Institute of Life Science, School of Medicine, Swansea University, Singleton Park, Swansea, UK.
Mutagenesis. 2010 Jul;25(4):327-33. doi: 10.1093/mutage/geq009. Epub 2010 Mar 2.
Sudan-1 and para red are industrial dyes that have been illegally added to some foodstuffs, leading to withdrawal of the adulterated products throughout the UK since 2003. This resulted in international concern that arose because Sudan-1 is classified by International Agency for Research on Cancer as a Category 3 carcinogen. However, little is known about the dose response of this chemical at low, more biologically relevant, doses. The study therefore aimed to characterize the dose response for gene mutation and chromosomal damage induced by two azo dyes, namely Sudan-1 and para red. Gene mutations were analysed using the hypoxanthine phosphoribosyltransferase forward mutation assay and chromosomal damage was measured using the cytokinesis-blocked micronucleus assay. Two cell lines were used in these investigations. These were the AHH-1 cell line, which inducibly expresses CYP1A1, and the MCL-5 cell line derived from a subpopulation of AHH-1 cells that expresses a particularly high level of CYP1A1 activity. The MCL-5 cell line has also been transfected with two plasmids that stably express CYP1A2, CYP2A6 and CYP3A4 and all four of these CYP enzymes are known to metabolically activate Sudan-1. AHH-1 cells were used to investigate the dose response of the azo dyes, and MCL-5 cells were used to see if the dose response changed with increased metabolism. Sudan-1 induced a non-linear dose-response curve for gene mutation and chromosomal damage in AHH-1 cells. The genotoxic activity of Sudan-1 was greatly increased in MCL-5 cells. This indicated that the oxidation metabolites from Sudan-1 were both more mutagenic and more clastogenic than the parent compound. Para red also demonstrated a non-linear dose response for both gene mutation and chromosome damage in AHH-1 cells, and an increase in micronuclei induction was observed after increased oxidative metabolism in MCL-5 cells. Sudan-1 and para red are genotoxic chemicals with non-linear dose responses in AHH-1 but not in MCL-5 cells, and oxidative metabolism increases the genotoxic effect of both compounds.

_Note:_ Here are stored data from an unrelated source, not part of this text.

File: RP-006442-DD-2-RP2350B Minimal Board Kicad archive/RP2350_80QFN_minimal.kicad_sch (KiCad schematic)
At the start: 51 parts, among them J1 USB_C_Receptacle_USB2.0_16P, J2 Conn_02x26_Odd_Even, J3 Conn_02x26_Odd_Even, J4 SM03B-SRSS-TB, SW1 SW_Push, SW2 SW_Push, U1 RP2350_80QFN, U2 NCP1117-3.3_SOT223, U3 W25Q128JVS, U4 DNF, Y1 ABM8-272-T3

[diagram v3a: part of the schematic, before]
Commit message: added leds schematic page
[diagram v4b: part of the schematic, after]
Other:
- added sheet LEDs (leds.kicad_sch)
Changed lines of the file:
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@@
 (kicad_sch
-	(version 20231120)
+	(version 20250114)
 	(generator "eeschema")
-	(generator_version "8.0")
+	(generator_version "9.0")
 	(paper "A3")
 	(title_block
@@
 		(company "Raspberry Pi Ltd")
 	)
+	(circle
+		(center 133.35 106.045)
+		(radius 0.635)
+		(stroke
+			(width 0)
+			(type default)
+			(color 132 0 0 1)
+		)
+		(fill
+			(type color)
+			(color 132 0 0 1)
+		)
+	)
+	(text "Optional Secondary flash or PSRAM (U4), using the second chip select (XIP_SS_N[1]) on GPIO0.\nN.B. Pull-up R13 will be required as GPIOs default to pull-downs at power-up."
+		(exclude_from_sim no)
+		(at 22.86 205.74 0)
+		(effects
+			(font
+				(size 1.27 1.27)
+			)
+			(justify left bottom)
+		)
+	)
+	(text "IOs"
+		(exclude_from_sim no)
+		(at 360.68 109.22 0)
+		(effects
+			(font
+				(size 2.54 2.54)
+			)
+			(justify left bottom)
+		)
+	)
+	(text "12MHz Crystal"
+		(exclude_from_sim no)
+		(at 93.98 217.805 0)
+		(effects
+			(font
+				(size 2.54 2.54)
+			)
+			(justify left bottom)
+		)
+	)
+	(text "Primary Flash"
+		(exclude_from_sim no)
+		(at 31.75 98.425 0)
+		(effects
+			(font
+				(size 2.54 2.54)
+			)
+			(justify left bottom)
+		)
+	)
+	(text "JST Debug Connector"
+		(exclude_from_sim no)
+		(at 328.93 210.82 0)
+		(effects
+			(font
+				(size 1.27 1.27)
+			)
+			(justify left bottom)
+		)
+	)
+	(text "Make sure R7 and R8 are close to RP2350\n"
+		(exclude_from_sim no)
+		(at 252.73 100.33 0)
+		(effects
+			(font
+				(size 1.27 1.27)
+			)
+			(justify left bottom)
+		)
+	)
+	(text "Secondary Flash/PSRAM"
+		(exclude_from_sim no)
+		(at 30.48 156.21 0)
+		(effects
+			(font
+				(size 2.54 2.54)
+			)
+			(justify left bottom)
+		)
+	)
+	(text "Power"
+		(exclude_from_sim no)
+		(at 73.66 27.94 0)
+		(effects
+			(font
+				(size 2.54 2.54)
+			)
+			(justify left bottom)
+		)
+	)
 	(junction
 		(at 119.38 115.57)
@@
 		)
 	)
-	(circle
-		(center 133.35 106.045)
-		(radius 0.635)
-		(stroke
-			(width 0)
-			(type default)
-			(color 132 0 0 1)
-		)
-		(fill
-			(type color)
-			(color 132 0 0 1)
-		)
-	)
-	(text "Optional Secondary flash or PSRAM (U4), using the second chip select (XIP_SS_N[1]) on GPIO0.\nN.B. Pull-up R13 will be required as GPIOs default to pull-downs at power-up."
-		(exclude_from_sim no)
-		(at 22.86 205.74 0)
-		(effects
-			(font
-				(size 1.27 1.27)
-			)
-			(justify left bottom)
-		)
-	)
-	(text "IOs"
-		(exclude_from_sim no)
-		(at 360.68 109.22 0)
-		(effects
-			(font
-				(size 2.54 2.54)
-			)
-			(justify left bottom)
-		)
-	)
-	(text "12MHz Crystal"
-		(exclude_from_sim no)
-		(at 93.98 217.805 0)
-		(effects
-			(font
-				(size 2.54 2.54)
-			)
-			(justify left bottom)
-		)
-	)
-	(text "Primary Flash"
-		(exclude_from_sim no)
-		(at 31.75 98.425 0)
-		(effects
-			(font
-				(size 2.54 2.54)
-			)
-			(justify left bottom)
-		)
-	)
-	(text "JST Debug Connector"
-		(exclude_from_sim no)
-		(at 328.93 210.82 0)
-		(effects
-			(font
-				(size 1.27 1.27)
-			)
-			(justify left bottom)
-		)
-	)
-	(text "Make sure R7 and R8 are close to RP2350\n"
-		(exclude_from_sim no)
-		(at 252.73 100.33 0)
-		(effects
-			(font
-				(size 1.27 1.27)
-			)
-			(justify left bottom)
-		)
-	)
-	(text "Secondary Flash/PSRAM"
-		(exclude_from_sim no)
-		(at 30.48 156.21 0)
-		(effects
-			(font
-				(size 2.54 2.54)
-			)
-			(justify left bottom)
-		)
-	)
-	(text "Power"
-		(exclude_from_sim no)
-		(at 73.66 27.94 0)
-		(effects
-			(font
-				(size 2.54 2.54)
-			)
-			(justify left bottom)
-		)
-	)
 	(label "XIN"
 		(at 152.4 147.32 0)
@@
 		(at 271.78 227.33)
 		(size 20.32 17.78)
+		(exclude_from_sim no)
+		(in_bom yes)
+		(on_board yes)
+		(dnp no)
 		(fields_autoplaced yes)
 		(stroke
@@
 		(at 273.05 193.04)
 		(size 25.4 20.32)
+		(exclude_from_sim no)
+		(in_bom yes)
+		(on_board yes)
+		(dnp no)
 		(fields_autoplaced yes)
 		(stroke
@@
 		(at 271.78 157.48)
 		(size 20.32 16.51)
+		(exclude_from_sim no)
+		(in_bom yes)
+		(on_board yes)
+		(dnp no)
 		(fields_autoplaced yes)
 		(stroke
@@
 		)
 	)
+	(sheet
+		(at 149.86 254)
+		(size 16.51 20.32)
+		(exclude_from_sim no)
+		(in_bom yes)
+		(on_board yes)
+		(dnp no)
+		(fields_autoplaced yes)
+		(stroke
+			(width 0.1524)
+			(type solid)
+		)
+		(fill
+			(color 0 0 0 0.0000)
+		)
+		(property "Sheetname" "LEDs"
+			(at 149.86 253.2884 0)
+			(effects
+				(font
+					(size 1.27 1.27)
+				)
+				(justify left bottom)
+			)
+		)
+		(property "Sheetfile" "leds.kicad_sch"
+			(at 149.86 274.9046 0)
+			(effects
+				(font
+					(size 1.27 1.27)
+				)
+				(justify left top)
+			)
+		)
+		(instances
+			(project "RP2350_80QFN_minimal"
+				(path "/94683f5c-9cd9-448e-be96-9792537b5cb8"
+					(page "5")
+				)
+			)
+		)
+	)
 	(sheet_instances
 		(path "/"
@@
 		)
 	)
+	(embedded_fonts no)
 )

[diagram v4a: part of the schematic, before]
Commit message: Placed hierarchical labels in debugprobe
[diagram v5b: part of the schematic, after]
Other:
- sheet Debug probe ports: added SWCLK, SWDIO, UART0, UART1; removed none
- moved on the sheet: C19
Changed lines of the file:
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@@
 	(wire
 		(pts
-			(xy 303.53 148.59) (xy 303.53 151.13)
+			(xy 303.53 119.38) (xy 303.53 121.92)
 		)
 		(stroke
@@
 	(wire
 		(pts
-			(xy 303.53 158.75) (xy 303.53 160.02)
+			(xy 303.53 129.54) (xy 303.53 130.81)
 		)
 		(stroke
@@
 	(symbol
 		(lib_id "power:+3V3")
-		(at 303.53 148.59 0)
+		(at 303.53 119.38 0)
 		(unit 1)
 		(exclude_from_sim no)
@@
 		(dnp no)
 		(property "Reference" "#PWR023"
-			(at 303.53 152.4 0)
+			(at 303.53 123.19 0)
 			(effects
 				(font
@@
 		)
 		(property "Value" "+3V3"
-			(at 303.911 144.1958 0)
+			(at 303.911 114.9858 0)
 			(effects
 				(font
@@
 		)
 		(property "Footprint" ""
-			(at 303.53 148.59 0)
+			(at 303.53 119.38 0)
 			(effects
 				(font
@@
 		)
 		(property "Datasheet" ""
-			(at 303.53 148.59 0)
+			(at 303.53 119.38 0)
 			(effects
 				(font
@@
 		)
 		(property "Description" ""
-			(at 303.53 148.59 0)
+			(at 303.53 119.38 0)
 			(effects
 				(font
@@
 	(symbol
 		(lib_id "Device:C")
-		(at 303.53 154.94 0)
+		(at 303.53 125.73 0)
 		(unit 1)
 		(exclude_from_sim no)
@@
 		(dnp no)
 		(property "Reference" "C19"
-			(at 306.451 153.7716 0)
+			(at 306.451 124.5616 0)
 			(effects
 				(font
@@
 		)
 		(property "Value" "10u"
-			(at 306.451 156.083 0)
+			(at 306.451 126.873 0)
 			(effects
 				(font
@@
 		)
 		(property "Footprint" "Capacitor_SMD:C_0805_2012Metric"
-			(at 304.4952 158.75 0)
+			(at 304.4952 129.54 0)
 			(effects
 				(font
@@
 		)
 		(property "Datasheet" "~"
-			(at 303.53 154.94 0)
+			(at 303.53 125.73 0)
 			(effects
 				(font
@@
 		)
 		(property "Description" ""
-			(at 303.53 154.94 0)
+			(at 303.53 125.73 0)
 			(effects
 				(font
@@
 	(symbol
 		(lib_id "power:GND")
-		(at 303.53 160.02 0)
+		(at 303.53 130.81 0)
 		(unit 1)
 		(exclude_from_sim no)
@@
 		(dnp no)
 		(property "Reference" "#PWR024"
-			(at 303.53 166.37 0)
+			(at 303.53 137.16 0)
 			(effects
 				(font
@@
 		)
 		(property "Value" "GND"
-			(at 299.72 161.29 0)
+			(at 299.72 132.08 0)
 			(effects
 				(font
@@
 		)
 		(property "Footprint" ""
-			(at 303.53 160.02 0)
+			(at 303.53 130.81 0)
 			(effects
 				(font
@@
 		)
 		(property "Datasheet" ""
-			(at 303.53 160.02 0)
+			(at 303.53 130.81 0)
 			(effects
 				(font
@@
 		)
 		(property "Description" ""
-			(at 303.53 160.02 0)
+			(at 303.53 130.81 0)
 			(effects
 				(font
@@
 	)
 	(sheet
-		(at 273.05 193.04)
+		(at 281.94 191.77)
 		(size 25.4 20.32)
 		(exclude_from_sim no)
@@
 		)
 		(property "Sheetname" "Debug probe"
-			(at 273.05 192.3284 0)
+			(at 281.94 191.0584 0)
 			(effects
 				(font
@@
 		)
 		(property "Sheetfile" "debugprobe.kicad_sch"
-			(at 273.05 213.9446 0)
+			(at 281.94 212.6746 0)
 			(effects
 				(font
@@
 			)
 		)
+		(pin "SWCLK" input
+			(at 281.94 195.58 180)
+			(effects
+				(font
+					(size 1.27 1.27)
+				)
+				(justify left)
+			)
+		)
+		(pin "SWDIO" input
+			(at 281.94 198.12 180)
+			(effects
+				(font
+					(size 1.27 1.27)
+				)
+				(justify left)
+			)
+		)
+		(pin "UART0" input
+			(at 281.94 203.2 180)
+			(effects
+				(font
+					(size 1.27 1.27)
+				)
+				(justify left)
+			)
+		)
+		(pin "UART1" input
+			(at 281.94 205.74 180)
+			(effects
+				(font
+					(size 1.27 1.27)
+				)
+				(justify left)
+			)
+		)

苏丹红 1 号和对位红是两种工业染料,曾被非法添加到一些食品中,导致自 2003 年以来,全英国所有受污染产品都被下架。这引起了国际社会的关注,因为苏丹红 1 号已被国际癌症研究机构归类为第 3 类致癌物质。然而,对于这种化学物质在低剂量、更具生物学相关性的剂量下的剂量反应知之甚少。因此,本研究旨在描述两种偶氮染料,即苏丹红 1 号和对位红引起的基因突变和染色体损伤的剂量反应。使用次黄嘌呤磷酸核糖基转移酶正向突变试验分析基因突变,使用细胞有丝分裂阻断微核试验测量染色体损伤。在这些研究中使用了两种细胞系。一种是 AHH-1 细胞系,它可诱导表达 CYP1A1;另一种是 MCL-5 细胞系,它源自 AHH-1 细胞的一个亚群,该亚群表达特别高的 CYP1A1 活性。MCL-5 细胞系还转染了两个稳定表达 CYP1A2、CYP2A6 和 CYP3A4 的质粒,所有这四种 CYP 酶都已知能代谢激活苏丹红 1 号。使用 AHH-1 细胞系来研究偶氮染料的剂量反应,使用 MCL-5 细胞系来观察代谢增加是否会改变剂量反应。苏丹红 1 号在 AHH-1 细胞中引起基因突变和染色体损伤的非线性剂量反应曲线。苏丹红 1 号的遗传毒性活性在 MCL-5 细胞中大大增加。这表明苏丹红 1 号的氧化代谢物比母体化合物具有更强的致突变性和更强的断裂能力。对位红在 AHH-1 细胞中也表现出基因突变和染色体损伤的非线性剂量反应,并且在 MCL-5 细胞中氧化代谢增加后观察到微核诱导增加。苏丹红 1 号和对位红是具有非线性剂量反应的遗传毒性化学物质,在 AHH-1 细胞中而不是在 MCL-5 细胞中,氧化代谢会增加这两种化合物的遗传毒性作用。